# Silverstone IceGEM 360



## -FA- (8. Februar 2021)

Hallo,

Silverstone hat ja seid kurzer Zeit eine neue AIO. 





__





						IceGem 360
					

Die IceGem-Serie wurde von SilverStone als Reihe universeller Flüssigkühler entwickelt – mit dem Ziel maximaler Kühlleistung bei minimaler Geräuschemission. Ihr Wasserblock hat ein schillerndes Diamantschliff-Design und ein SilverStone-Logo an der Oberseite mit ARGB-Beleuchtung darunter, die sie...

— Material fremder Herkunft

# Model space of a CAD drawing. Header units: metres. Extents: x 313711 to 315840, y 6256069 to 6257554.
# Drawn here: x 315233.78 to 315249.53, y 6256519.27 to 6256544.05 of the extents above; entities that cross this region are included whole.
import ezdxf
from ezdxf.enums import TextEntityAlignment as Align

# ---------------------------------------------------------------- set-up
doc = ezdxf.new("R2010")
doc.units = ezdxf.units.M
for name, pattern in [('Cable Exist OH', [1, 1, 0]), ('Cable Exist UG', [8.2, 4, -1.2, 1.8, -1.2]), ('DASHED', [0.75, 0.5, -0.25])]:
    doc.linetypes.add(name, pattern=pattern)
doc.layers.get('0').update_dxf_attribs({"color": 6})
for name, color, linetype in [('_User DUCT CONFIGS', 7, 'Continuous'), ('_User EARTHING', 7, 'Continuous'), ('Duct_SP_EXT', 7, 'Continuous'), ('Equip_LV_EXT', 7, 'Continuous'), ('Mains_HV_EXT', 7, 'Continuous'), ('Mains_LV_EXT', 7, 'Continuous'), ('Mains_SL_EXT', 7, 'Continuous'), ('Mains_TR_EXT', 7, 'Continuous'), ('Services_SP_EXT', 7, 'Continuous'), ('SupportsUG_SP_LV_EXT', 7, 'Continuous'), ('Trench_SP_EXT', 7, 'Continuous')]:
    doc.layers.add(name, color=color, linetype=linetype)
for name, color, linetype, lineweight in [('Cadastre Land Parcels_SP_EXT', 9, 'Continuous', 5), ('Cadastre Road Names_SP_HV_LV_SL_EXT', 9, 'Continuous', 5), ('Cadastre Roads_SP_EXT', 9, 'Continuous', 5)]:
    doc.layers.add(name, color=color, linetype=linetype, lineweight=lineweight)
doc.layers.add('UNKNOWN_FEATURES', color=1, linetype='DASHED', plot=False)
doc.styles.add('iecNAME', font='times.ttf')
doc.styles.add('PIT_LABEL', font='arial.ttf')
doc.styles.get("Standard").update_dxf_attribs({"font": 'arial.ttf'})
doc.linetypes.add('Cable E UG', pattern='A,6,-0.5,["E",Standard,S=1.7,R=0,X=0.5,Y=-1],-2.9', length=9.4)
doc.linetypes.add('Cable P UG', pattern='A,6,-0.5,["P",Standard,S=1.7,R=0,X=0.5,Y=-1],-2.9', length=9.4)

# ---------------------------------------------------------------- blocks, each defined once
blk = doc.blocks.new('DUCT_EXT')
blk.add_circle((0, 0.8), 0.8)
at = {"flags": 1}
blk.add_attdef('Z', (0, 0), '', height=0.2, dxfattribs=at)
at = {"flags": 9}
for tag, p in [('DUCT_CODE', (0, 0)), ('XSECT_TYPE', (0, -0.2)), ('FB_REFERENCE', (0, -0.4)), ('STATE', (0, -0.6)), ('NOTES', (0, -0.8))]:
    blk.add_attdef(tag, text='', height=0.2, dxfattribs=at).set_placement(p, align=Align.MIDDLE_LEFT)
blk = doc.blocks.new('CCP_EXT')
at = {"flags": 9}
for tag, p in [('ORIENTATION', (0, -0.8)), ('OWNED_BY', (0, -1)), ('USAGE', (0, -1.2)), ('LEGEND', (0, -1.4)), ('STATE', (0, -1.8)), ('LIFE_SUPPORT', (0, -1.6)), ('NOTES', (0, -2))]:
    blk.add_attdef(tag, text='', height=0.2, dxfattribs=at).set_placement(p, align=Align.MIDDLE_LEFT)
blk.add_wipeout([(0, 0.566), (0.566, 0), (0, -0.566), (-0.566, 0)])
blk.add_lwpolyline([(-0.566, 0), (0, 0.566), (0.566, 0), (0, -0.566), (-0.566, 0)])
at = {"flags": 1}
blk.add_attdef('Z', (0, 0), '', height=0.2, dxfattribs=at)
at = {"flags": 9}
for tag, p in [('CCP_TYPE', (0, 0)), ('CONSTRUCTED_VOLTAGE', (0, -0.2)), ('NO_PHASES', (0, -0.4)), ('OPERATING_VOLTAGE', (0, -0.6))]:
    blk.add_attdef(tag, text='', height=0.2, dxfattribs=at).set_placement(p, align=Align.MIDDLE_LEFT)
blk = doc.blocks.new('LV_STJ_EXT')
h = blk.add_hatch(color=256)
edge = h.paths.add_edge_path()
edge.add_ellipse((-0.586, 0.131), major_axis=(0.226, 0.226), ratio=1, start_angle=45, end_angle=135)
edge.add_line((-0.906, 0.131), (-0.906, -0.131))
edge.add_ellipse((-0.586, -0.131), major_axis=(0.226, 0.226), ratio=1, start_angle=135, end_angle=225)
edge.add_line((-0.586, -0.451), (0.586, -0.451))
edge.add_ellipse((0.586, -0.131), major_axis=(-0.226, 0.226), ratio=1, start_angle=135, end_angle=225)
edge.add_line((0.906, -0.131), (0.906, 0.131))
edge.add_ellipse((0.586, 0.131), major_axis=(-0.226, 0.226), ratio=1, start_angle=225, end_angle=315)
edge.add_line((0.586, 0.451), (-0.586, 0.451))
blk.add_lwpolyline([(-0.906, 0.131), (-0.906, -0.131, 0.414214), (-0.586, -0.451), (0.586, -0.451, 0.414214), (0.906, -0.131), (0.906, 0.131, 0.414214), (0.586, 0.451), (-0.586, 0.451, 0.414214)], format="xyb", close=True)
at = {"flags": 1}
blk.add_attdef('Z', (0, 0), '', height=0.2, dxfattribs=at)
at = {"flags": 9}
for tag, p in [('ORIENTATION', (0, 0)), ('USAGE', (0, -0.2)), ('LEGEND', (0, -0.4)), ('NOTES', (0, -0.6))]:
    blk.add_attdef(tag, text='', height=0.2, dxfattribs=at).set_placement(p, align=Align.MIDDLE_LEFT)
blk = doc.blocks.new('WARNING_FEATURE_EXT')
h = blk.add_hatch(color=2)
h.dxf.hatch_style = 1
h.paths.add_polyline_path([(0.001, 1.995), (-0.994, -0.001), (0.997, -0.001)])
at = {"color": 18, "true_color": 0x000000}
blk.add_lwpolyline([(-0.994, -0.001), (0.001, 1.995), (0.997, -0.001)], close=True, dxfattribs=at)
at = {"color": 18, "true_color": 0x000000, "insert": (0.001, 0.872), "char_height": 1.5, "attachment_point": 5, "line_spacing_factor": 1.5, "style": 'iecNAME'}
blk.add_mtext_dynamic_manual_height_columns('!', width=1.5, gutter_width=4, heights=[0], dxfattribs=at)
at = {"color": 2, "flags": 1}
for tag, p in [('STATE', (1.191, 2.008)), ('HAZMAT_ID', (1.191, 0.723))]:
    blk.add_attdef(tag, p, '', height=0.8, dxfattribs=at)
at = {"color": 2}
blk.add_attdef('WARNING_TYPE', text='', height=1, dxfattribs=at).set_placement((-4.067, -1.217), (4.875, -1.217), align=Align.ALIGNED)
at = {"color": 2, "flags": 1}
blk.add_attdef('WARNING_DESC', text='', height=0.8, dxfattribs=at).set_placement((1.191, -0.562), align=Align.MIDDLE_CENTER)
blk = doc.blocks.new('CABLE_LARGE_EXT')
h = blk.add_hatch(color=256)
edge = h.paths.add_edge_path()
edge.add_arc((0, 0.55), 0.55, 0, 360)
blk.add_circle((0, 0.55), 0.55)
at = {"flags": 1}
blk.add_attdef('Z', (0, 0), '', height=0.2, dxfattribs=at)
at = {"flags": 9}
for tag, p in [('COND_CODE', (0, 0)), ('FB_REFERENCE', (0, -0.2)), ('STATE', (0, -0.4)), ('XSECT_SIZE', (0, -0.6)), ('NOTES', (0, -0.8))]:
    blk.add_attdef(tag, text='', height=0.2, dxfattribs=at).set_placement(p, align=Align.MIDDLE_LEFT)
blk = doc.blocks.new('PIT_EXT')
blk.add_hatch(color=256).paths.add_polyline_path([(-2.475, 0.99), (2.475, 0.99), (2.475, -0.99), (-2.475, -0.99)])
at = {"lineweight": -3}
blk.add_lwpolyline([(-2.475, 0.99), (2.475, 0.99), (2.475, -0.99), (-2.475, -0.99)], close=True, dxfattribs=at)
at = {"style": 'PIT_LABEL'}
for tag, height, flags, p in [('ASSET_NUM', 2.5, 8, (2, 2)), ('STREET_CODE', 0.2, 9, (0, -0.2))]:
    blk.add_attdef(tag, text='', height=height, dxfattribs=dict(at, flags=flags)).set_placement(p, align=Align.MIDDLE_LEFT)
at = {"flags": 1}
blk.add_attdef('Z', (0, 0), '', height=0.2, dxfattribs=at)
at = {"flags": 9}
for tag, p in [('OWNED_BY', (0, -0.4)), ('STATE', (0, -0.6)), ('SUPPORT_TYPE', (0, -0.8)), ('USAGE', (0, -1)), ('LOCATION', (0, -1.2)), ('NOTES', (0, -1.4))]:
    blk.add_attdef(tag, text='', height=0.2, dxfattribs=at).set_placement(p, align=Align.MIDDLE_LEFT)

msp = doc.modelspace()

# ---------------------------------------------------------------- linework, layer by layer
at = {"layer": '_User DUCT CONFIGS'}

					www.silverstonetek.com
				




Wenn ich das richtig sehe, ermöglicht diese sogar Threadripper CPUs vollständig abzudecken, wodurch Enermax etwas Konkurrenz bekommt.  Hat jemand diese Silverstone-AIO zufällig schon  jemand im Einsatz oder mal getestet?


----------



## Finallin (8. Februar 2021)

Wer kauft schon einen Threadripper, und damit einen Enthusiasten- Plattform und betriebt es mit einer AIO?! 
Ich selbst warte noch auf den Release von Threadripper 5xxx, dann aber wie es sich gehört mit Custom- WaKü oder zumindest sehr guten Luftkühler.


----------